Created attachment 187229 [details]
sw_nblks offset by 2
As also noted in the patch,
swaponsomething() skips the first 2 pages.
Subtract these 2 pages from sw_nblcks as well as from swap_pager_avail and swap_total to keep track the correct numbers.
Given sw_used and sw_nblcks now keeps track of correct pages,
we can use these to check remaining pages blist_alloc().
This improves situation where some of swap devices are filled.
Testing "(sp->sw_nblks - sp->sw_used >= npages)" before every call to blist_alloc() is of no real benefit. In the common case, where there is available swap space, it is added overhead, albeit a tiny amount of overhead. Only in the rare case, where there is no swap space available will it be of any benefit. But, in that case, the gain is minimal. The hinting mechanism in the blist code will quickly conclude that there is no available space, and return failure. In summary, the tiny amount of overhead in the common case is going to outweigh the gain in the rare case.
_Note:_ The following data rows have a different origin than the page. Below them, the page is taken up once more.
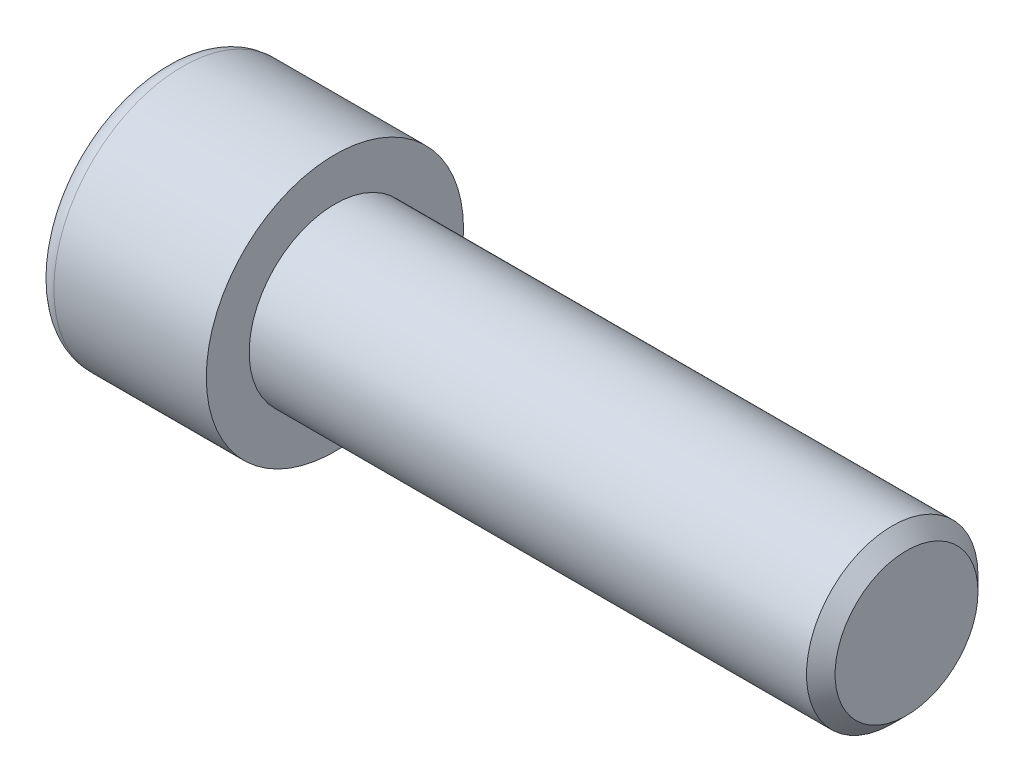
from build123d import *

# Parameters (mm, degrees)
CORTE_EXTRUS_O1_DEPTH            = 20
FURO_DE_DI_METRO_27_0_27_1_D     = 27
FURO_DE_DI_METRO_27_0_27_1_DEPTH = 5
FURO_DE_DI_METRO_27_0_27_1_TIP   = 8.111618357
FILETE1_R                        = 4
CHANFRO1_SIZE                    = 3


with BuildPart() as part:
    # Esboço1 → Revolução1 (revolve)
    with BuildSketch(Plane.XY, mode=Mode.PRIVATE) as revolu_o1_sk:
        Polygon((0, 0), (0, 27), (36, 27), (36, 18), (156, 18), (156, 0), align=None)
    revolve(revolu_o1_sk.sketch.rotate(Axis((156, 0, 0), (-1, 0, 0)), 90), axis=Axis((156, 0, 0), (-1, 0, 0)))

    # Esboço2 → Corte-extrusão1 (cut)
    with BuildSketch(Plane.ZY):
        Polygon((0, 15.588457268), (-13.5, 7.794228634), (-13.5, -7.794228634), (0, -15.588457268), (13.5, -7.794228634), (13.5, 7.794228634), align=None)
    extrude(amount=-CORTE_EXTRUS_O1_DEPTH, mode=Mode.SUBTRACT)

    # Furo de diâmetro Ø27.0 (27)1
    with Locations(Plane.ZY.offset(-20)):
        with Locations((0, 0)):
            Hole(FURO_DE_DI_METRO_27_0_27_1_D / 2, depth=FURO_DE_DI_METRO_27_0_27_1_DEPTH)
            with Locations((0, 0, -(FURO_DE_DI_METRO_27_0_27_1_DEPTH + FURO_DE_DI_METRO_27_0_27_1_TIP / 2))):  # 118° drill point
                Cone(0, FURO_DE_DI_METRO_27_0_27_1_D / 2, FURO_DE_DI_METRO_27_0_27_1_TIP, mode=Mode.SUBTRACT)

    # Filete1
    filete1_edges = [part.edges().sort_by_distance(p)[0] for p in [
        (0, 0, 27),
    ]]
    fillet(filete1_edges, radius=FILETE1_R)

    # Chanfro1
    chanfro1_edges = [part.edges().sort_by_distance(p)[0] for p in [
        (156, 0, 18),
    ]]
    chamfer(chanfro1_edges, length=CHANFRO1_SIZE)


solid = part.part

(In reply to Alan Cox from comment #1)
I've seen 2 conditions when blist_alloc() failed massively.
One case is when sizes of swap devices are imbalanced especially when one of them are significantly small or large, one or some of others gets filled.
The other case is when more devices are added to avoid swap space exhaustion. As soon as all existing devices are fulled, new ones will pick up all I/Os.
In any cases, if a machine is busy swapping out pages, I also agree that failures of blist_alloc() are minor in performance as well.
Also, blist_alloc needs to find a contentious region. Even if remaining blocks is more than requested, blist_alloc can fail due to fragmentation.